Last week I finished reading Kant’s Little Prussian Head & Other Reasons Why I Write by Claire Messud (New York: W. W. Norton & Company, Inc, 2020). We learned of this book from a NYT book review and it peaked our interest enough to buy it, which I do not regret. In addition to insight about an author with whom I was unfamiliar, Messud expanded my list of authors. I consider myself to be well-read but there are ALWAYS more books worthy of one’s attention and considering people can get into certain genres, we miss other gems.
I have several works by Albert Camus that I regularly re-read, and read Remains of the Day by Kazuo Ishiguro a very long time ago. However, I must confess she highlighted others that have intriguing lives and works. I even enjoyed her coverage of artists, which is definitely out of my scope although I cannot wait for the National Gallery of Art and other museums to re-open for sitting and studying silence their offerings.
I ordered Pulitzer Prize winning The Wild Iris (New York: HarperCollins Publishers, 1992) by American poet Louise Glück, winner of the 2020 Nobel Prize in Literature. I read it straight through quickly for my first read. I will return to it again and contemplate each verse more slowly as her work demands such attention. I also ordered American author Willa Cather’s Death Comes for the Archbishop (1927; repr., New York: Vintage Classics, 1990), which I am currently reading and will finish by the weekend. Searching for poetry led me to poetry and essays that by three black women that I felt compelled to read to further educate myself about Black History as a part of American History. We are supposed to put ourselves in others’ shoes; however, that is easier said then done in many cases. My desire is that to read from a black woman’s perspective will expand my own aperture to a deeper level of understanding. There are great works by black male authors but as a woman, I turn to these awesome pioneering women for enlightenment. More on them in a future post.

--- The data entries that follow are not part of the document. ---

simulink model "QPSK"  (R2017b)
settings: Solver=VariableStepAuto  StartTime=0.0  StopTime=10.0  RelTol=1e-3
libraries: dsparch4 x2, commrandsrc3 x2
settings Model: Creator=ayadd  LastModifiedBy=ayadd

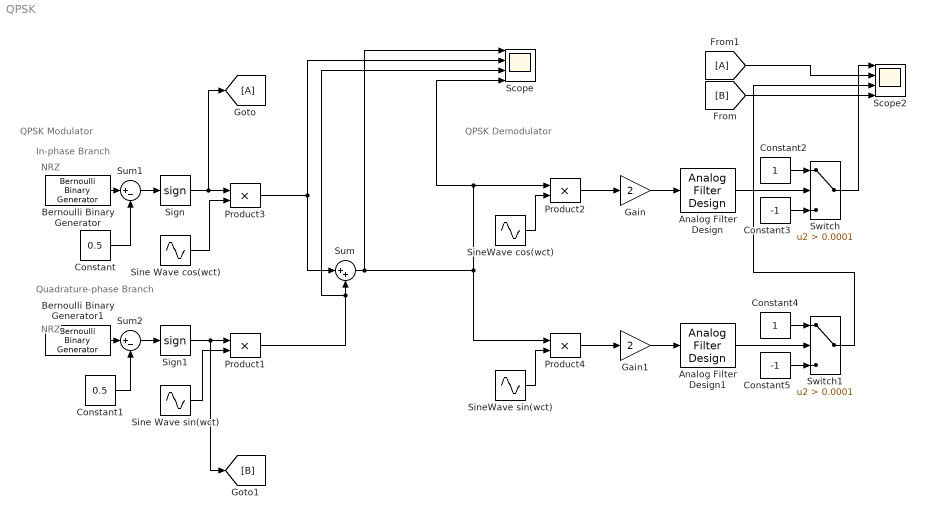
== system QPSK ==
  note: QPSK Demodulator
  note: QPSK Modulator
  note: In-phase Branch
  note: NRZ
  note: NRZ
  note: Quadrature-phase Branch
  Analog Filter Design : dsparch4/Analog Filter Design  method=Butterworth  filttype=Lowpass  N=8  Wlo=4*2*pi  Whi=80  Rp=2  Rs=40
  Analog Filter Design1 : dsparch4/Analog Filter Design  method=Butterworth  filttype=Lowpass  N=8  Wlo=4*2*pi  Whi=80  Rp=2  Rs=40
  Bernoulli Binary Generator : commrandsrc3/Bernoulli Binary Generator  ProbabilityOfZero=0.5  SeedSource=Auto  Seed=0  SampleTime=1  SamplesPerFrame=1  OutputDataType=double  SimulateUsing=Interpreted execution
  Bernoulli Binary Generator1 : commrandsrc3/Bernoulli Binary Generator  ProbabilityOfZero=0.5  SeedSource=Auto  Seed=0  SampleTime=1  SamplesPerFrame=1  OutputDataType=double  SimulateUsing=Interpreted execution
  Constant : Constant  Value=0.5
  Constant1 : Constant  Value=0.5
  Constant2 : Constant
  Constant3 : Constant  Value=-1
  Constant4 : Constant
  Constant5 : Constant  Value=-1
  Gain : Gain  Gain=2
  Gain1 : Gain  Gain=2
  Product{1..4} (4 alike) : Product  SaturateOnIntegerOverflow=on  InputSameDT=on  OutDataTypeStr=Inherit: Same as first input
  Scope : Scope  NumInputPorts=4
  Scope2 : Scope  NumInputPorts=4
  Sign : Signum
  Sign1 : Signum
  Sine Wave cos(‏wct) : Sin  Frequency=4*2*pi  Phase=pi/2  SampleTime=0.001
  Sine Wave sin(wct) : Sin  Amplitude=-1  Frequency=4*2*pi  SampleTime=0.001
  SineWave cos(‏wct) : Sin  Frequency=4*2*pi  Phase=pi/2  SampleTime=0.001
  SineWave sin(wct) : Sin  Amplitude=-1  Frequency=4*2*pi  SampleTime=0.001
  Sum : Sum  Inputs=|++
  Sum1 : Sum  Inputs=|+-
  Sum2 : Sum  Inputs=|+-
  Switch : Switch  Criteria=u2 > Threshold  Threshold=0.0001  RndMeth=Round  SaturateOnIntegerOverflow=on  InputSameDT=on
  Switch1 : Switch  Criteria=u2 > Threshold  Threshold=0.0001  RndMeth=Round  SaturateOnIntegerOverflow=on  InputSameDT=on
  wires:
  Sine Wave cos(‏wct)/1 -> Product3/2
  Sign/1 -> [A], Product3/1
  Sign1/1 -> Product1/1, [B]
  Sine Wave sin(wct)/1 -> Product1/2
  Product3/1 -> Scope/2, Sum/1
  Sum1/1 -> Sign/1
  Constant/1 -> Sum1/2
  Sum2/1 -> Sign1/1
  Bernoulli Binary Generator1/1 -> Sum2/1
  Constant1/1 -> Sum2/2
  Product1/1 -> Scope/3, Sum/2
  SineWave cos(‏wct)/1 -> Product2/2
  Product2/1 -> Gain/1
  SineWave sin(wct)/1 -> Product4/2
  Constant2/1 -> Switch/1
  Constant3/1 -> Switch/3
  Analog Filter Design/1 -> Switch/2
  Gain/1 -> Analog Filter Design/1
  Switch/1 -> Scope2/1
  Product4/1 -> Gain1/1
  Constant5/1 -> Switch1/3
  Analog Filter Design1/1 -> Switch1/2
  Constant4/1 -> Switch1/1
  Gain1/1 -> Analog Filter Design1/1
  [A] -> Scope2/2
  Switch1/1 -> Scope2/3
  [B] -> Scope2/4
  Sum/1 -> Product4/1, Scope/4, Product2/1, Scope/1
  Bernoulli Binary Generator/1 -> Sum1/1

Now I turn back to Messud to close this Friday morning train of thought. Kant’s Little Prussian Head offered numerous insights but there is one in particular that I highlighted, yes in our new hardback copy, toward the end that resonated with my senses. Through the love of books, one can learn connectedness. Just think…
Connection—whether in love or in art—entails risk; risk entails awkwardness. And it is through vulnerabilities that, as humans, we speak most profoundly, from the heart.Claire Messud, Kant’s Little Prussian Head & Other Reasons Why I Write (New York: W. W. Norton & Company, Inc, 2020), 285.